===== ENTRIES SUPPLIED

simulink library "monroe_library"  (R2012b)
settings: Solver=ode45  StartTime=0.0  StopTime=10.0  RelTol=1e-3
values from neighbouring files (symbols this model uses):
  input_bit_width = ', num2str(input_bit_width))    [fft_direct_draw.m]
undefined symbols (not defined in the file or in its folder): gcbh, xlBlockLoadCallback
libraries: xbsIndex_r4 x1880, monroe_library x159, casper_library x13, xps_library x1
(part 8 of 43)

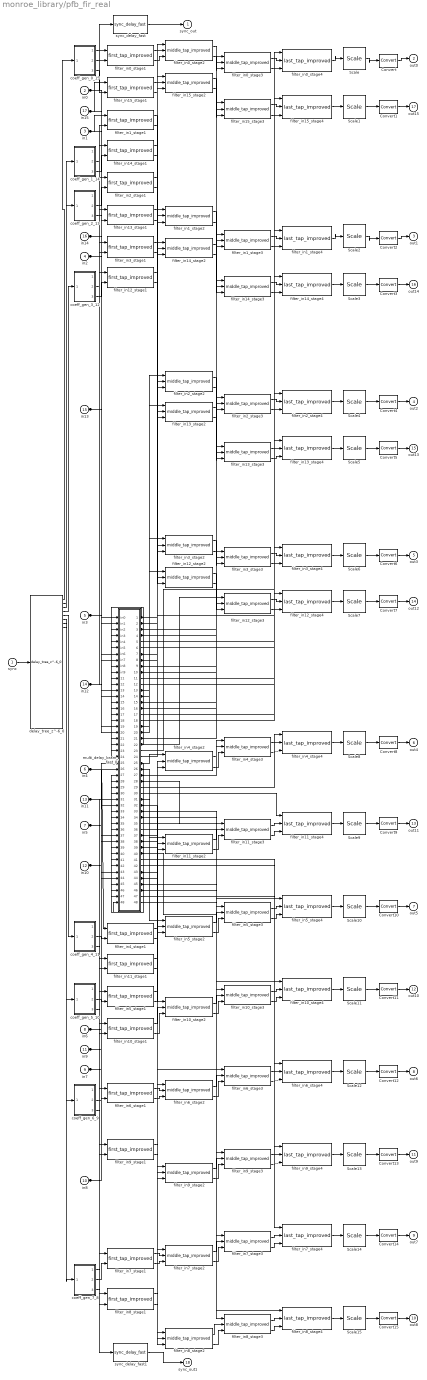
== system monroe_library/pfb_fir_real ==
  sync : Inport
  in0 : Inport  Port=2
  in1 : Inport  Port=3
  in2 : Inport  Port=4
  in3 : Inport  Port=5
  in4 : Inport  Port=6
  in5 : Inport  Port=7
  in6 : Inport  Port=8
  in7 : Inport  Port=9
  in8 : Inport  Port=10
  in9 : Inport  Port=11
  in10 : Inport  Port=12
  in11 : Inport  Port=13
  in12 : Inport  Port=14
  in13 : Inport  Port=15
  in14 : Inport  Port=16
  in15 : Inport  Port=17
  Convert{,1..15} (16 alike) : xbsIndex_r4/Convert  arith_type="Signed  (2's comp)"  n_bits=18  bin_pt=17  quantization=Truncate  overflow=Wrap  en=off  latency=0  dbl_ovrd=off  pipeline=off  block_type=convert
  Scale{,1..15} (16 alike) : xbsIndex_r4/Scale  scale_factor=-1  dbl_ovrd=off  block_type=scale
  coeff_gen_0_15 : Subsystem
  coeff_gen_1_14 : Subsystem
  coeff_gen_2_13 : Subsystem
  coeff_gen_3_12 : Subsystem
  coeff_gen_4_11 : Subsystem
  coeff_gen_5_10 : Subsystem
  coeff_gen_6_9 : Subsystem
  coeff_gen_7_8 : Subsystem
  delay_tree_z^-6_0 : monroe_library/delay_tree_z^-6_0  SystemSampleTime=-1
  filter_in0_stage1 : monroe_library/first_tap_improved  SystemSampleTime=-1  data_bin_pt=17  coeff_bit_width=18
  filter_in0_stage2 : monroe_library/middle_tap_improved  SystemSampleTime=-1  data_bin_pt=17  coeff_bit_width=18  stage_num=2
  filter_in0_stage3 : monroe_library/middle_tap_improved  SystemSampleTime=-1  data_bin_pt=17  coeff_bit_width=18  stage_num=3
  filter_in0_stage4 : monroe_library/last_tap_improved  SystemSampleTime=-1  data_bin_pt=17  coeff_bin_pt=17  stage_num=4
  filter_in10_stage1 : monroe_library/first_tap_improved  SystemSampleTime=-1  data_bin_pt=17  coeff_bit_width=18
  filter_in10_stage2 : monroe_library/middle_tap_improved  SystemSampleTime=-1  data_bin_pt=17  coeff_bit_width=18  stage_num=2
  filter_in10_stage3 : monroe_library/middle_tap_improved  SystemSampleTime=-1  data_bin_pt=17  coeff_bit_width=18  stage_num=3
  filter_in10_stage4 : monroe_library/last_tap_improved  SystemSampleTime=-1  data_bin_pt=17  coeff_bin_pt=17  stage_num=4
  filter_in11_stage1 : monroe_library/first_tap_improved  SystemSampleTime=-1  data_bin_pt=17  coeff_bit_width=18
  filter_in11_stage2 : monroe_library/middle_tap_improved  SystemSampleTime=-1  data_bin_pt=17  coeff_bit_width=18  stage_num=2
  filter_in11_stage3 : monroe_library/middle_tap_improved  SystemSampleTime=-1  data_bin_pt=17  coeff_bit_width=18  stage_num=3
  filter_in11_stage4 : monroe_library/last_tap_improved  SystemSampleTime=-1  data_bin_pt=17  coeff_bin_pt=17  stage_num=4
  filter_in12_stage1 : monroe_library/first_tap_improved  SystemSampleTime=-1  data_bin_pt=17  coeff_bit_width=18
  filter_in12_stage2 : monroe_library/middle_tap_improved  SystemSampleTime=-1  data_bin_pt=17  coeff_bit_width=18  stage_num=2
  filter_in12_stage3 : monroe_library/middle_tap_improved  SystemSampleTime=-1  data_bin_pt=17  coeff_bit_width=18  stage_num=3
  filter_in12_stage4 : monroe_library/last_tap_improved  SystemSampleTime=-1  data_bin_pt=17  coeff_bin_pt=17  stage_num=4
  filter_in13_stage1 : monroe_library/first_tap_improved  SystemSampleTime=-1  data_bin_pt=17  coeff_bit_width=18
  filter_in13_stage2 : monroe_library/middle_tap_improved  SystemSampleTime=-1  data_bin_pt=17  coeff_bit_width=18  stage_num=2
  filter_in13_stage3 : monroe_library/middle_tap_improved  SystemSampleTime=-1  data_bin_pt=17  coeff_bit_width=18  stage_num=3
  filter_in13_stage4 : monroe_library/last_tap_improved  SystemSampleTime=-1  data_bin_pt=17  coeff_bin_pt=17  stage_num=4
  filter_in14_stage1 : monroe_library/first_tap_improved  SystemSampleTime=-1  data_bin_pt=17  coeff_bit_width=18
  filter_in14_stage2 : monroe_library/middle_tap_improved  SystemSampleTime=-1  data_bin_pt=17  coeff_bit_width=18  stage_num=2
  filter_in14_stage3 : monroe_library/middle_tap_improved  SystemSampleTime=-1  data_bin_pt=17  coeff_bit_width=18  stage_num=3
  filter_in14_stage4 : monroe_library/last_tap_improved  SystemSampleTime=-1  data_bin_pt=17  coeff_bin_pt=17  stage_num=4
  filter_in15_stage1 : monroe_library/first_tap_improved  SystemSampleTime=-1  data_bin_pt=17  coeff_bit_width=18
  filter_in15_stage2 : monroe_library/middle_tap_improved  SystemSampleTime=-1  data_bin_pt=17  coeff_bit_width=18  stage_num=2
  filter_in15_stage3 : monroe_library/middle_tap_improved  SystemSampleTime=-1  data_bin_pt=17  coeff_bit_width=18  stage_num=3
  filter_in15_stage4 : monroe_library/last_tap_improved  SystemSampleTime=-1  data_bin_pt=17  coeff_bin_pt=17  stage_num=4
  filter_in1_stage1 : monroe_library/first_tap_improved  SystemSampleTime=-1  data_bin_pt=17  coeff_bit_width=18
  filter_in1_stage2 : monroe_library/middle_tap_improved  SystemSampleTime=-1  data_bin_pt=17  coeff_bit_width=18  stage_num=2
  filter_in1_stage3 : monroe_library/middle_tap_improved  SystemSampleTime=-1  data_bin_pt=17  coeff_bit_width=18  stage_num=3
  filter_in1_stage4 : monroe_library/last_tap_improved  SystemSampleTime=-1  data_bin_pt=17  coeff_bin_pt=17  stage_num=4
  filter_in2_stage1 : monroe_library/first_tap_improved  SystemSampleTime=-1  data_bin_pt=17  coeff_bit_width=18
  filter_in2_stage2 : monroe_library/middle_tap_improved  SystemSampleTime=-1  data_bin_pt=17  coeff_bit_width=18  stage_num=2
  filter_in2_stage3 : monroe_library/middle_tap_improved  SystemSampleTime=-1  data_bin_pt=17  coeff_bit_width=18  stage_num=3
  filter_in2_stage4 : monroe_library/last_tap_improved  SystemSampleTime=-1  data_bin_pt=17  coeff_bin_pt=17  stage_num=4
  filter_in3_stage1 : monroe_library/first_tap_improved  SystemSampleTime=-1  data_bin_pt=17  coeff_bit_width=18
  filter_in3_stage2 : monroe_library/middle_tap_improved  SystemSampleTime=-1  data_bin_pt=17  coeff_bit_width=18  stage_num=2
  filter_in3_stage3 : monroe_library/middle_tap_improved  SystemSampleTime=-1  data_bin_pt=17  coeff_bit_width=18  stage_num=3
  filter_in3_stage4 : monroe_library/last_tap_improved  SystemSampleTime=-1  data_bin_pt=17  coeff_bin_pt=17  stage_num=4
  filter_in4_stage1 : monroe_library/first_tap_improved  SystemSampleTime=-1  data_bin_pt=17  coeff_bit_width=18
  filter_in4_stage2 : monroe_library/middle_tap_improved  SystemSampleTime=-1  data_bin_pt=17  coeff_bit_width=18  stage_num=2
  filter_in4_stage3 : monroe_library/middle_tap_improved  SystemSampleTime=-1  data_bin_pt=17  coeff_bit_width=18  stage_num=3
  filter_in4_stage4 : monroe_library/last_tap_improved  SystemSampleTime=-1  data_bin_pt=17  coeff_bin_pt=17  stage_num=4
  filter_in5_stage1 : monroe_library/first_tap_improved  SystemSampleTime=-1  data_bin_pt=17  coeff_bit_width=18
  filter_in5_stage2 : monroe_library/middle_tap_improved  SystemSampleTime=-1  data_bin_pt=17  coeff_bit_width=18  stage_num=2
  filter_in5_stage3 : monroe_library/middle_tap_improved  SystemSampleTime=-1  data_bin_pt=17  coeff_bit_width=18  stage_num=3
  filter_in5_stage4 : monroe_library/last_tap_improved  SystemSampleTime=-1  data_bin_pt=17  coeff_bin_pt=17  stage_num=4
  filter_in6_stage1 : monroe_library/first_tap_improved  SystemSampleTime=-1  data_bin_pt=17  coeff_bit_width=18
  filter_in6_stage2 : monroe_library/middle_tap_improved  SystemSampleTime=-1  data_bin_pt=17  coeff_bit_width=18  stage_num=2
  filter_in6_stage3 : monroe_library/middle_tap_improved  SystemSampleTime=-1  data_bin_pt=17  coeff_bit_width=18  stage_num=3
  filter_in6_stage4 : monroe_library/last_tap_improved  SystemSampleTime=-1  data_bin_pt=17  coeff_bin_pt=17  stage_num=4
  filter_in7_stage1 : monroe_library/first_tap_improved  SystemSampleTime=-1  data_bin_pt=17  coeff_bit_width=18
  filter_in7_stage2 : monroe_library/middle_tap_improved  SystemSampleTime=-1  data_bin_pt=17  coeff_bit_width=18  stage_num=2
  filter_in7_stage3 : monroe_library/middle_tap_improved  SystemSampleTime=-1  data_bin_pt=17  coeff_bit_width=18  stage_num=3
  filter_in7_stage4 : monroe_library/last_tap_improved  SystemSampleTime=-1  data_bin_pt=17  coeff_bin_pt=17  stage_num=4
  filter_in8_stage1 : monroe_library/first_tap_improved  SystemSampleTime=-1  data_bin_pt=17  coeff_bit_width=18
  filter_in8_stage2 : monroe_library/middle_tap_improved  SystemSampleTime=-1  data_bin_pt=17  coeff_bit_width=18  stage_num=2
  filter_in8_stage3 : monroe_library/middle_tap_improved  SystemSampleTime=-1  data_bin_pt=17  coeff_bit_width=18  stage_num=3
  filter_in8_stage4 : monroe_library/last_tap_improved  SystemSampleTime=-1  data_bin_pt=17  coeff_bin_pt=17  stage_num=4
  filter_in9_stage1 : monroe_library/first_tap_improved  SystemSampleTime=-1  data_bin_pt=17  coeff_bit_width=18
  filter_in9_stage2 : monroe_library/middle_tap_improved  SystemSampleTime=-1  data_bin_pt=17  coeff_bit_width=18  stage_num=2
  filter_in9_stage3 : monroe_library/middle_tap_improved  SystemSampleTime=-1  data_bin_pt=17  coeff_bit_width=18  stage_num=3
  filter_in9_stage4 : monroe_library/last_tap_improved  SystemSampleTime=-1  data_bin_pt=17  coeff_bin_pt=17  stage_num=4
  multi_delay_bram_fast_0 : Subsystem
  sync_delay_fast : monroe_library/sync_delay_fast  SystemSampleTime=-1  delay_len=4102
  sync_delay_fast1 : monroe_library/sync_delay_fast  SystemSampleTime=-1  delay_len=4102
  sync_out : Outport
  out0 : Outport  Port=2
  out1 : Outport  Port=3
  out2 : Outport  Port=4
  out3 : Outport  Port=5
  out4 : Outport  Port=6
  out5 : Outport  Port=7
  out6 : Outport  Port=8
  out7 : Outport  Port=9
  out8 : Outport  Port=10
  out9 : Outport  Port=11
  out10 : Outport  Port=12
  out11 : Outport  Port=13
  out12 : Outport  Port=14
  out13 : Outport  Port=15
  out14 : Outport  Port=16
  out15 : Outport  Port=17
  sync_out1 : Outport  Port=18
  wires:
  in0/1 -> multi_delay_bram_fast_0/1(in0), filter_in0_stage1/1
  in15/1 -> multi_delay_bram_fast_0/2(in1), filter_in15_stage1/1
  in1/1 -> filter_in1_stage1/1, multi_delay_bram_fast_0/7(in6)
  in14/1 -> filter_in14_stage1/1, multi_delay_bram_fast_0/8(in7)
  in2/1 -> filter_in2_stage1/1, multi_delay_bram_fast_0/13(in12)
  in13/1 -> filter_in13_stage1/1, multi_delay_bram_fast_0/14(in13)
  in3/1 -> filter_in3_stage1/1, multi_delay_bram_fast_0/19(in18)
  in12/1 -> filter_in12_stage1/1, multi_delay_bram_fast_0/20(in19)
  in4/1 -> filter_in4_stage1/1, multi_delay_bram_fast_0/25(in24)
  in11/1 -> filter_in11_stage1/1, multi_delay_bram_fast_0/26(in25)
  in5/1 -> filter_in5_stage1/1, multi_delay_bram_fast_0/31(in30)
  in10/1 -> filter_in10_stage1/1, multi_delay_bram_fast_0/32(in31)
  in6/1 -> filter_in6_stage1/1, multi_delay_bram_fast_0/37(in36)
  in9/1 -> filter_in9_stage1/1, multi_delay_bram_fast_0/38(in37)
  in7/1 -> filter_in7_stage1/1, multi_delay_bram_fast_0/43(in42)
  in8/1 -> filter_in8_stage1/1, multi_delay_bram_fast_0/44(in43)
  multi_delay_bram_fast_0/1(out0) -> filter_in0_stage2/1, multi_delay_bram_fast_0/3(in2)
  multi_delay_bram_fast_0/2(out1) -> filter_in15_stage2/1, multi_delay_bram_fast_0/4(in3)
  multi_delay_bram_fast_0/3(out2) -> filter_in0_stage3/1, multi_delay_bram_fast_0/5(in4)
  multi_delay_bram_fast_0/4(out3) -> filter_in15_stage3/1, multi_delay_bram_fast_0/6(in5)
  multi_delay_bram_fast_0/7(out6) -> filter_in1_stage2/1, multi_delay_bram_fast_0/9(in8)
  multi_delay_bram_fast_0/8(out7) -> filter_in14_stage2/1, multi_delay_bram_fast_0/10(in9)
  multi_delay_bram_fast_0/9(out8) -> filter_in1_stage3/1, multi_delay_bram_fast_0/11(in10)
  multi_delay_bram_fast_0/10(out9) -> filter_in14_stage3/1, multi_delay_bram_fast_0/12(in11)
  multi_delay_bram_fast_0/13(out12) -> filter_in2_stage2/1, multi_delay_bram_fast_0/15(in14)
  multi_delay_bram_fast_0/14(out13) -> filter_in13_stage2/1, multi_delay_bram_fast_0/16(in15)
  multi_delay_bram_fast_0/15(out14) -> filter_in2_stage3/1, multi_delay_bram_fast_0/17(in16)
  multi_delay_bram_fast_0/16(out15) -> filter_in13_stage3/1, multi_delay_bram_fast_0/18(in17)
  multi_delay_bram_fast_0/19(out18) -> filter_in3_stage2/1, multi_delay_bram_fast_0/21(in20)
  multi_delay_bram_fast_0/20(out19) -> filter_in12_stage2/1, multi_delay_bram_fast_0/22(in21)
  multi_delay_bram_fast_0/21(out20) -> filter_in3_stage3/1, multi_delay_bram_fast_0/23(in22)
  multi_delay_bram_fast_0/22(out21) -> filter_in12_stage3/1, multi_delay_bram_fast_0/24(in23)
  multi_delay_bram_fast_0/25(out24) -> filter_in4_stage2/1, multi_delay_bram_fast_0/27(in26)
  multi_delay_bram_fast_0/26(out25) -> filter_in11_stage2/1, multi_delay_bram_fast_0/28(in27)
  multi_delay_bram_fast_0/27(out26) -> filter_in4_stage3/1, multi_delay_bram_fast_0/29(in28)
  multi_delay_bram_fast_0/28(out27) -> filter_in11_stage3/1, multi_delay_bram_fast_0/30(in29)
  multi_delay_bram_fast_0/31(out30) -> filter_in5_stage2/1, multi_delay_bram_fast_0/33(in32)
  multi_delay_bram_fast_0/32(out31) -> filter_in10_stage2/1, multi_delay_bram_fast_0/34(in33)
  multi_delay_bram_fast_0/33(out32) -> filter_in5_stage3/1, multi_delay_bram_fast_0/35(in34)
  multi_delay_bram_fast_0/34(out33) -> filter_in10_stage3/1, multi_delay_bram_fast_0/36(in35)
  multi_delay_bram_fast_0/37(out36) -> filter_in6_stage2/1, multi_delay_bram_fast_0/39(in38)
  multi_delay_bram_fast_0/38(out37) -> filter_in9_stage2/1, multi_delay_bram_fast_0/40(in39)
  multi_delay_bram_fast_0/39(out38) -> filter_in6_stage3/1, multi_delay_bram_fast_0/41(in40)
  multi_delay_bram_fast_0/40(out39) -> filter_in9_stage3/1, multi_delay_bram_fast_0/42(in41)
  multi_delay_bram_fast_0/43(out42) -> filter_in7_stage2/1, multi_delay_bram_fast_0/45(in44)
  multi_delay_bram_fast_0/44(out43) -> filter_in8_stage2/1, multi_delay_bram_fast_0/46(in45)
  multi_delay_bram_fast_0/45(out44) -> filter_in7_stage3/1, multi_delay_bram_fast_0/47(in46)
  multi_delay_bram_fast_0/46(out45) -> filter_in8_stage3/1, multi_delay_bram_fast_0/48(in47)
  sync_delay_fast1/1 -> sync_out1/1
  coeff_gen_7_8/1(sync_out) -> sync_delay_fast1/1
  sync_delay_fast/1 -> sync_out/1
  coeff_gen_0_15/1(sync_out) -> sync_delay_fast/1
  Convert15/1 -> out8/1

==========

WORK REQUIRED. From the records above, extract exactly and only the lines that begin at the line with "in8/1 -> filter_in8_stage1/1, multi_delay_bram_fast_0/44(in43)" and stop after the line with "-> filter_in0_stage3/1, multi_delay_bram_fast_0/5(in4)".

YOUR RESPONSE.
  in8/1 -> filter_in8_stage1/1, multi_delay_bram_fast_0/44(in43)
  multi_delay_bram_fast_0/1(out0) -> filter_in0_stage2/1, multi_delay_bram_fast_0/3(in2)
  multi_delay_bram_fast_0/2(out1) -> filter_in15_stage2/1, multi_delay_bram_fast_0/4(in3)
  multi_delay_bram_fast_0/3(out2) -> filter_in0_stage3/1, multi_delay_bram_fast_0/5(in4)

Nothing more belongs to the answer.